== Task prompt ==
Below are lines of data, and only some are wanted. Please repeat exactly those from the line that has "#192=VERTEX_POINT('',#191);" through the line that has "#202=ORIENTED_EDGE('',*,*,#201,.T.);".

== Record extracts ==
════════════════

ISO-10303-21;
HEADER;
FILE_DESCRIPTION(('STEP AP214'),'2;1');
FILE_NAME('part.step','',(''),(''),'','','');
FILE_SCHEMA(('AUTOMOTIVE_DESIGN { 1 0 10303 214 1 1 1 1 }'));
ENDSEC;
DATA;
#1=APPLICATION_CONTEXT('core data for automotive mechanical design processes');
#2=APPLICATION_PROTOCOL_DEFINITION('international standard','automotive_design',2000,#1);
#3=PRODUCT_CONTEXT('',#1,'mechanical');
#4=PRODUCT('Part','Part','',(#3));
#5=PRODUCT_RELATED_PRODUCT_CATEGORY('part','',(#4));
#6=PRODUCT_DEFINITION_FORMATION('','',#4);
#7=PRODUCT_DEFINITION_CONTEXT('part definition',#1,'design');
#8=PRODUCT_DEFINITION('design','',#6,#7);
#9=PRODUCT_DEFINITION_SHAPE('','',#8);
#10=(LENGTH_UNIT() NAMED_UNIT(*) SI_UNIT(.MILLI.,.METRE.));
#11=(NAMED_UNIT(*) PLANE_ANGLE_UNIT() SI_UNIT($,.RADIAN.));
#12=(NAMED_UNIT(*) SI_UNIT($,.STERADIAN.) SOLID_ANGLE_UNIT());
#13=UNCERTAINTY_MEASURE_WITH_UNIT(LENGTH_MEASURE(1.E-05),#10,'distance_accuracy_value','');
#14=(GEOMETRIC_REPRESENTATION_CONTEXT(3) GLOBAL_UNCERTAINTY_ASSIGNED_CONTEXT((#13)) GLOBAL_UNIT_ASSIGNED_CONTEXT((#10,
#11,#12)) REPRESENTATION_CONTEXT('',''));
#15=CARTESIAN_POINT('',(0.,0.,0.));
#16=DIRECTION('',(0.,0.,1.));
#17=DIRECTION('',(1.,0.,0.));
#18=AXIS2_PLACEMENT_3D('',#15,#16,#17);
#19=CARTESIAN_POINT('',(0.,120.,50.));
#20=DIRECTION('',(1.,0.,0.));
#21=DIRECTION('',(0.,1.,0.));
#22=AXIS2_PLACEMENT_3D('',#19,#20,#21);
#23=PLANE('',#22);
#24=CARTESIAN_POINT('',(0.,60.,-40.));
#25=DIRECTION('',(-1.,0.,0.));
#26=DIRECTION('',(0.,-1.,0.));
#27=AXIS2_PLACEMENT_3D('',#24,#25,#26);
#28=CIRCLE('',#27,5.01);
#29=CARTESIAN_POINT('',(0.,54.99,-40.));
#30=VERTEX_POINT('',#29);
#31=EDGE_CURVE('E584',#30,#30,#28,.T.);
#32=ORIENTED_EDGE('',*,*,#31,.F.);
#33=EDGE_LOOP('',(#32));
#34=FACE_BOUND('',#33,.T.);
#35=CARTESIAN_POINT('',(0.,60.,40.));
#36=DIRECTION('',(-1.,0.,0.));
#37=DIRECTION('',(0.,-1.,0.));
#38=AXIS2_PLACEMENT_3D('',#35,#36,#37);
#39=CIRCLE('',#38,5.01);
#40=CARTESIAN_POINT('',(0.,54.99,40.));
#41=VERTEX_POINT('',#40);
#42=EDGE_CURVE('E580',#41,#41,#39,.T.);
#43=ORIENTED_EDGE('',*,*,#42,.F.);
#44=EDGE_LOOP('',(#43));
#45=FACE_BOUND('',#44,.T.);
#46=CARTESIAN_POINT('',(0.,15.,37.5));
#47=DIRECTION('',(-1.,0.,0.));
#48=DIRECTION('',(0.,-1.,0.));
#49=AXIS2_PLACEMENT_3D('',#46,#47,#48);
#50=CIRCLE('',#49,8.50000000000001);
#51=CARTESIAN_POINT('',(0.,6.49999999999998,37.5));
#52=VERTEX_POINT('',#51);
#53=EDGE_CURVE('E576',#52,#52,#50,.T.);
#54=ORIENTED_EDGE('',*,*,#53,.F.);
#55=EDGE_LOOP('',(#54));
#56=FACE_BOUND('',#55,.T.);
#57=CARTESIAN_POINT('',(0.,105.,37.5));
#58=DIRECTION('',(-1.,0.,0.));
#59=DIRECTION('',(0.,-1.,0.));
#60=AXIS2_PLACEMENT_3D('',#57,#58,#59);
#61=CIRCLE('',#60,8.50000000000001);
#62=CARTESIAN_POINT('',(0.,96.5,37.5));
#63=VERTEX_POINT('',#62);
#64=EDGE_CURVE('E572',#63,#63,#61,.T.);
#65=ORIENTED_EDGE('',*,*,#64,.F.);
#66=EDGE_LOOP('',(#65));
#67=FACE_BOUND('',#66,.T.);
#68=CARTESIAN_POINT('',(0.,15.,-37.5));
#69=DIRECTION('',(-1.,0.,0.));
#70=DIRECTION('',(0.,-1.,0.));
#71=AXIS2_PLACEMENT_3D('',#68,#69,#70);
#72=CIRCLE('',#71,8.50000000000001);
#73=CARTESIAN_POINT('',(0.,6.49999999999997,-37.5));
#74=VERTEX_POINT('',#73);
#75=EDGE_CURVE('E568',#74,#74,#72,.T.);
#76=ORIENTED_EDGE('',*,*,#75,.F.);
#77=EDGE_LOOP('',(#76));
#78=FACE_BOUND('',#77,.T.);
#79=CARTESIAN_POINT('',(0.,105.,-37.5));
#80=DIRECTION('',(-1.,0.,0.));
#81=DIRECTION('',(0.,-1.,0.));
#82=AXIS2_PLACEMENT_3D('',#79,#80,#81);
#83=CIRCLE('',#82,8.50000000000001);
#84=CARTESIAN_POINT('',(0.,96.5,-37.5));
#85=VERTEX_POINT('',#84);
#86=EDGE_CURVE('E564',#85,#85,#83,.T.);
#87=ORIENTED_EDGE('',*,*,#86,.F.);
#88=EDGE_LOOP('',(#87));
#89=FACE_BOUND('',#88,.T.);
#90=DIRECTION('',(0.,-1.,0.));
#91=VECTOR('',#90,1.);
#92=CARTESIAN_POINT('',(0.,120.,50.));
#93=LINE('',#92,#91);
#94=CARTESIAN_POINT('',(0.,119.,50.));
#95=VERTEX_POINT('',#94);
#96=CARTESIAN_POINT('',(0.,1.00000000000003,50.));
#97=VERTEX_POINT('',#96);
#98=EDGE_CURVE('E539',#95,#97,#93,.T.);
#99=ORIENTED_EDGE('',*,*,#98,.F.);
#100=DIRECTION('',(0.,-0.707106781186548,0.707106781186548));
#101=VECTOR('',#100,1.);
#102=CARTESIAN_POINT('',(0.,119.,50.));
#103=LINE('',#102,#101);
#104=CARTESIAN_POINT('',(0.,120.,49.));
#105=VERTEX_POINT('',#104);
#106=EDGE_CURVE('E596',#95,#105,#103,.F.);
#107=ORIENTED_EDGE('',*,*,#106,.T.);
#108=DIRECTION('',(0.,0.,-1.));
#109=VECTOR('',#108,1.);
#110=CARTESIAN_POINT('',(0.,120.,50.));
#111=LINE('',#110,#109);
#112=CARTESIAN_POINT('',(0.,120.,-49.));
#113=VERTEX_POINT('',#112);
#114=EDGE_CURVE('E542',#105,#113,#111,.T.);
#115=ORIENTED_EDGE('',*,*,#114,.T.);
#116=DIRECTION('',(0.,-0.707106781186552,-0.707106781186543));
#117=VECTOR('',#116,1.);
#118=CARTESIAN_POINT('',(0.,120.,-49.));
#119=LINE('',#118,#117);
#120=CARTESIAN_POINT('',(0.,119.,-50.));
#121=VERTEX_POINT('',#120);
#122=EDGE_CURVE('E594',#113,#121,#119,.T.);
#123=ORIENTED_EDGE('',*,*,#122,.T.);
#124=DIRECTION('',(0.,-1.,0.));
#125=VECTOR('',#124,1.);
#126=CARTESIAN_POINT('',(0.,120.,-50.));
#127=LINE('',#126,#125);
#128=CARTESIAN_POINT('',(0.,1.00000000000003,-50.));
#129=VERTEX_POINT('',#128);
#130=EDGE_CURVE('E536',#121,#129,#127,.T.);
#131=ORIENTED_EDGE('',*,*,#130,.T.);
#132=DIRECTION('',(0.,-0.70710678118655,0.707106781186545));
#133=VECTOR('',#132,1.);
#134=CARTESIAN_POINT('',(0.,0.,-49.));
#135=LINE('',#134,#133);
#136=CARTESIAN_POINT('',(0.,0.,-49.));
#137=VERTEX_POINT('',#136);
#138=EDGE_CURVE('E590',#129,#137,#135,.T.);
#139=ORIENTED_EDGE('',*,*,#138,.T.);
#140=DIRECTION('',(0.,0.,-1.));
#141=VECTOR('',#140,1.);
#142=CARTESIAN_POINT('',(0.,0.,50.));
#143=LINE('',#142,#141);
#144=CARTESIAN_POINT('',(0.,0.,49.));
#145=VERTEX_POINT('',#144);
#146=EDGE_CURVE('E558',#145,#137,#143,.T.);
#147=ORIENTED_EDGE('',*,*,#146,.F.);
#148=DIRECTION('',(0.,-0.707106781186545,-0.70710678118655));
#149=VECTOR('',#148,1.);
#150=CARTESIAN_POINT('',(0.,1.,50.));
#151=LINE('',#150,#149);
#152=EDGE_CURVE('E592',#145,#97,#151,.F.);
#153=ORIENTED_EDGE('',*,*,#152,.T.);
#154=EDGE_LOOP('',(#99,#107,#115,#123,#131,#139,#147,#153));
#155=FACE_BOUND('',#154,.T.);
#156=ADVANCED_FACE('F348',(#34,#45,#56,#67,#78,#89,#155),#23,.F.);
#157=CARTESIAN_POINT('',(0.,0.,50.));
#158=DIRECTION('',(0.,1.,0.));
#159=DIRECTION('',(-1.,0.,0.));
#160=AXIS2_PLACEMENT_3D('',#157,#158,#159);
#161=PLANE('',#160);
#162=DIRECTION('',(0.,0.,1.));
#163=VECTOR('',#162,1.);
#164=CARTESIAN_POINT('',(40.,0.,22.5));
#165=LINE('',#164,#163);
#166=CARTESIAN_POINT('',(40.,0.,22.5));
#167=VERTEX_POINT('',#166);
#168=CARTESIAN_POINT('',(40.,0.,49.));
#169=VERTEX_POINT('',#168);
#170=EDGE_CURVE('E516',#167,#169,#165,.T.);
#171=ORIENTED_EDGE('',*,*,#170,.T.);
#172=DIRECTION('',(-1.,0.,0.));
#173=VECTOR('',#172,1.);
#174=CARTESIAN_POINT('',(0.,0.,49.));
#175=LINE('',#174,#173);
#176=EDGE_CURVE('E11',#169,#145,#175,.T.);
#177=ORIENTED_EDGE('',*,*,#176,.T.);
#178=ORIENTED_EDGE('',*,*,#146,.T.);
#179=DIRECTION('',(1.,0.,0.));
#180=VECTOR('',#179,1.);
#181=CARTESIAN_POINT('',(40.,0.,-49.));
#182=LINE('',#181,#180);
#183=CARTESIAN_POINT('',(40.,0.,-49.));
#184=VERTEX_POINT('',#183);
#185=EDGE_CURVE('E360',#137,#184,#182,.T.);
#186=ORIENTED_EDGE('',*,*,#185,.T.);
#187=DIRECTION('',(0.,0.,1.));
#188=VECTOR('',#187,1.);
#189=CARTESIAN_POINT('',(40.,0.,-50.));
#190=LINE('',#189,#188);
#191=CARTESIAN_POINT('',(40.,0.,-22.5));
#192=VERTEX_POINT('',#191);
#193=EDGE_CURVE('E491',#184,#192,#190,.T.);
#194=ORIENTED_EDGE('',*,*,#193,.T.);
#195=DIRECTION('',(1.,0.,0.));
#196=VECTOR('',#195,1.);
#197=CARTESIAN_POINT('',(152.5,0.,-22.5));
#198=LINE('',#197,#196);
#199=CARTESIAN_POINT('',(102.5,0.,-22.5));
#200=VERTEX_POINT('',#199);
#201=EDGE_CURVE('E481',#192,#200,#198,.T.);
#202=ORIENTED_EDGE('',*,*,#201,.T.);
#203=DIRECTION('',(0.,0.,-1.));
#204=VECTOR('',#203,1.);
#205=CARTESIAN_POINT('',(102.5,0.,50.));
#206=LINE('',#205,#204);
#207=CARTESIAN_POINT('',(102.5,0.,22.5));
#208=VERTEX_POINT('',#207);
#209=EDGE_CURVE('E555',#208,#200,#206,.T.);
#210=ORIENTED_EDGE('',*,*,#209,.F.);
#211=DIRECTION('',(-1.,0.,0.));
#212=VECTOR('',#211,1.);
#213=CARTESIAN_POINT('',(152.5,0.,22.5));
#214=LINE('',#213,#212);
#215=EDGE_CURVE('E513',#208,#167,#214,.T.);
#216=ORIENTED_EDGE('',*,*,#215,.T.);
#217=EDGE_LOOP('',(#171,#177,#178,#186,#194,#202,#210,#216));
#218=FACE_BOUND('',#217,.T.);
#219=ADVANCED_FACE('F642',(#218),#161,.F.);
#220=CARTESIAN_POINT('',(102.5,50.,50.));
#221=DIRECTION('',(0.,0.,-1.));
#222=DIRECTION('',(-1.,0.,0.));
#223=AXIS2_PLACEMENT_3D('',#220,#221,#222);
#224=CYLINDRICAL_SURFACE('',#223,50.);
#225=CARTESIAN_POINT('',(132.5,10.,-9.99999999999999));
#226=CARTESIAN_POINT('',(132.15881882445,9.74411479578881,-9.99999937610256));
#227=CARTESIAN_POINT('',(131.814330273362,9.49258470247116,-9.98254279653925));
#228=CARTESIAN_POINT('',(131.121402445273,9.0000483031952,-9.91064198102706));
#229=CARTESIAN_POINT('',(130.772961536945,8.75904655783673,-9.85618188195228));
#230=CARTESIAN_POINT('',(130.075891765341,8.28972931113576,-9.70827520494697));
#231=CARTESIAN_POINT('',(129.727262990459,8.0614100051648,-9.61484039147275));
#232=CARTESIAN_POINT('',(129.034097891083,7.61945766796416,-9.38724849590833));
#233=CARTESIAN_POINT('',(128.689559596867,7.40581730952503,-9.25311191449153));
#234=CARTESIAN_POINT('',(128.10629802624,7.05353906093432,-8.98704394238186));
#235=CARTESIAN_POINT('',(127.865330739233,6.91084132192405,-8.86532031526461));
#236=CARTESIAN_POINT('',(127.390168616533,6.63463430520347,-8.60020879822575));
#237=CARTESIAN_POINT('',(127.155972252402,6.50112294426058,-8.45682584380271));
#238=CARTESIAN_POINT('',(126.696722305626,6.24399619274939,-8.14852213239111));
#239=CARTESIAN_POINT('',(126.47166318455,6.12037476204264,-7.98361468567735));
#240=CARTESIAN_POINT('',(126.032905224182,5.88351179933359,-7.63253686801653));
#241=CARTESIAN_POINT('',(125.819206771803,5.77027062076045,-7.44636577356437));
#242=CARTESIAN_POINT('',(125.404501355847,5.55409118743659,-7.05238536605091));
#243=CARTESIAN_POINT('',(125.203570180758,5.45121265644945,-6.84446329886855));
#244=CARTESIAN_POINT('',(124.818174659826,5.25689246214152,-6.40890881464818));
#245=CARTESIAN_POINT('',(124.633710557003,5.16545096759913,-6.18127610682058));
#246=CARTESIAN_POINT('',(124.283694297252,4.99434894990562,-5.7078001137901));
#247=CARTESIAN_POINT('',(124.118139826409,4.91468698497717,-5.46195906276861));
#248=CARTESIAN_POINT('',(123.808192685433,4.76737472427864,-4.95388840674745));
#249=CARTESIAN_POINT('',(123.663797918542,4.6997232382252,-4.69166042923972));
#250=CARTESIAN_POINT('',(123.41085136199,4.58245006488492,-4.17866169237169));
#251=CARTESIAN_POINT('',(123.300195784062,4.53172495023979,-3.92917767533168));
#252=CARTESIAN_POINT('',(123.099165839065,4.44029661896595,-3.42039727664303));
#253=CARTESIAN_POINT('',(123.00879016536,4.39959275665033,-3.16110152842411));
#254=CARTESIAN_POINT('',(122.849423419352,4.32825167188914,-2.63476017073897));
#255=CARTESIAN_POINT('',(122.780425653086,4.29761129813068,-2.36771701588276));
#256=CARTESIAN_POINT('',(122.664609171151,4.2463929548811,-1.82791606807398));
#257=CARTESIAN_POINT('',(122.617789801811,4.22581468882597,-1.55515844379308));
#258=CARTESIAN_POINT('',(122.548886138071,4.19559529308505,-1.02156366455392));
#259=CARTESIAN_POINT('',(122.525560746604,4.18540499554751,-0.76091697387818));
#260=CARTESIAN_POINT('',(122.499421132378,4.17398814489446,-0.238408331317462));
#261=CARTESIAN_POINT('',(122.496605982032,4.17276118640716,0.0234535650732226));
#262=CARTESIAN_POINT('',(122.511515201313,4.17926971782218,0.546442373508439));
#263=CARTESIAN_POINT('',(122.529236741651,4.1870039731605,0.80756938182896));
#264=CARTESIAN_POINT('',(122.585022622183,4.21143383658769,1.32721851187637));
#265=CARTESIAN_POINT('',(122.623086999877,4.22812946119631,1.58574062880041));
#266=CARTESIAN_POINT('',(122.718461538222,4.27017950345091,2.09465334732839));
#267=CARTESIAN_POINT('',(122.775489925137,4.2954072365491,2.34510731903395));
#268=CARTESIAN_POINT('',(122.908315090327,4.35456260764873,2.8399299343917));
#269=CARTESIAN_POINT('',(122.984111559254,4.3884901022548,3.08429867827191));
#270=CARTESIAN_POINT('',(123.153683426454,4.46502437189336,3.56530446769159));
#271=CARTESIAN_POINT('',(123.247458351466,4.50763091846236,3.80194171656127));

════════════════

== Answer section ==
#192=VERTEX_POINT('',#191);
#193=EDGE_CURVE('E491',#184,#192,#190,.T.);
#194=ORIENTED_EDGE('',*,*,#193,.T.);
#195=DIRECTION('',(1.,0.,0.));
#196=VECTOR('',#195,1.);
#197=CARTESIAN_POINT('',(152.5,0.,-22.5));
#198=LINE('',#197,#196);
#199=CARTESIAN_POINT('',(102.5,0.,-22.5));
#200=VERTEX_POINT('',#199);
#201=EDGE_CURVE('E481',#192,#200,#198,.T.);
#202=ORIENTED_EDGE('',*,*,#201,.T.);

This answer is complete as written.